Fourier series are a powerful tool that can help us break down complex signals into their constituent parts. By using some basic mathematics, we can deconstruct signals into simple sine waves, making them much easier to understand and analyze. Created by Sal Khan.

## Want to join the conversation?

- Can you do a series on Fourier Transform and its application too? saw your Laplace Series and absolutely loved it.

Fourier Transform would be even more awesome!!(50 votes)- Here's a youtube channel on signals and systems, which has videos on the fourier series, transform and applications:

https://www.youtube.com/watch?v=JCmOTe-odUE&list=PLWPirh4EWFpHr_1ZCkuF9ToYUrmujv9Aa&index=101(0 votes)

- Are there any videos on the fourier transform?(20 votes)
- As of this writing there is nothing yet on Khan Academy for the Fourier Transform.(12 votes)
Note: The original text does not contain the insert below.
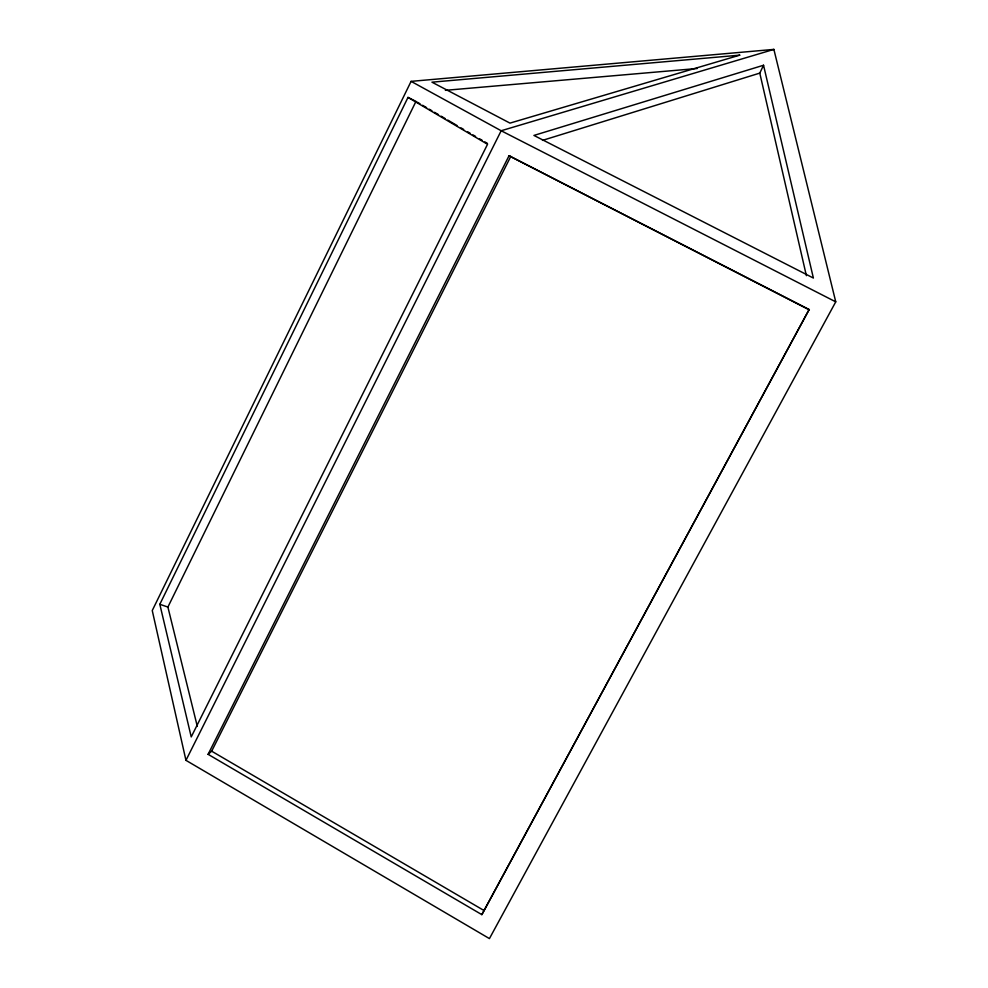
<?xml version="1.0" encoding="UTF-8"?>
<svg xmlns="http://www.w3.org/2000/svg" width="988" height="988" viewBox="0 0 988 988"><rect width="100%" height="100%" fill="white"/><g stroke="black" fill="none" stroke-linecap="round" stroke-linejoin="round"><path stroke-width="1.48" d="M481.848 914.641L809.147 309.516L509.03 155.746L208.098 754.326L481.848 914.641L809.147 309.516M806.381 275.664L759.784 73.112L763.539 65.245L533.928 135.43L813.383 278.036L763.539 65.245M411.094 81.362L152.251 610.547L185.954 760.34L489.431 938.6L835.749 301.846L773.876 49.4L411.094 81.362L501.175 130.749L835.749 301.846M408.007 97.404L487.529 144.297L191.227 736.925L159.821 604.298L408.007 97.404L415.985 101.394L167.898 607.064L197.316 726.427M185.954 760.34L501.175 130.749L773.876 49.4M208.098 754.326L211.654 751.176L510.808 156.376M542.486 140.382L759.784 73.112M445.378 90.328L697.281 68.493M159.821 604.298L167.898 607.064M509.03 155.746L809.37 309.923M211.654 751.176L483.75 910.368M417.307 102.172L419.962 103.728M422.605 105.284L426.581 107.63M429.224 109.186L431.88 110.742M434.522 112.299L438.499 114.633M441.154 116.189L445.119 118.535M447.774 120.091L457.049 125.538M461.013 127.884L463.668 129.44M467.645 131.775L470.288 133.331M472.943 134.887L475.586 136.443M479.563 138.789L482.206 140.345M484.861 141.902L487.504 143.458M739.716 55.167L509.969 123.117L431.954 82.177L739.716 55.167"/></g></svg>
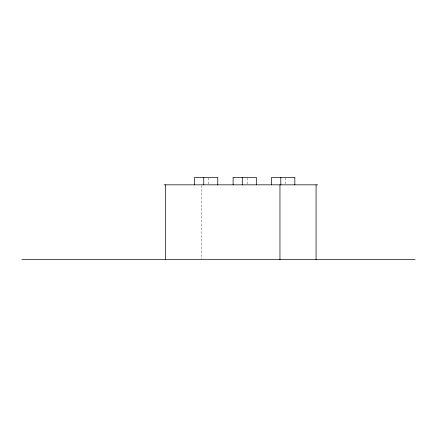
<?xml version="1.0" encoding="UTF-8"?>
<svg xmlns="http://www.w3.org/2000/svg" width="437" height="437" viewBox="0 0 437 437"><rect width="100%" height="100%" fill="white"/><g stroke="black" fill="none" stroke-linecap="round" stroke-linejoin="round"><path stroke-width="0.33" stroke-dasharray="2.19 1.64" d="M285.672 178.028L285.672 184.146M247.145 178.028L247.145 184.146M208.618 178.028L208.618 184.146M201.719 185.507L201.719 258.972"/><path stroke-width="0.66" d="M164.055 184.829L317.628 184.829M21.85 259.654L415.15 259.654M316.071 184.829L316.071 259.654M294.838 184.829L294.838 177.346L271.639 177.346L271.639 184.829M280.805 177.346L280.805 184.829M279.959 184.829L279.959 259.654M256.311 184.829L256.311 177.346L233.112 177.346L233.112 184.829M242.278 177.346L242.278 184.829M217.784 184.829L217.784 177.346L194.591 177.346L194.591 184.829M203.757 177.346L203.757 184.829M165.607 184.829L165.607 259.654"/></g></svg>

- Will we ever have practice exercises for this material available on Khan Academy? I've used this website to study a host of topics from my differential equations class but none of those have practice material exercises available.(13 votes)
- What is the relation of Fourier Series (specially this video) with the concept of the Fourier transform?(4 votes)
- Hello Brando,

The Fourier Series is a shorthand mathematical description of a waveform. In this video we see that a square wave may be defined as the sum of an infinite number of sinusoids.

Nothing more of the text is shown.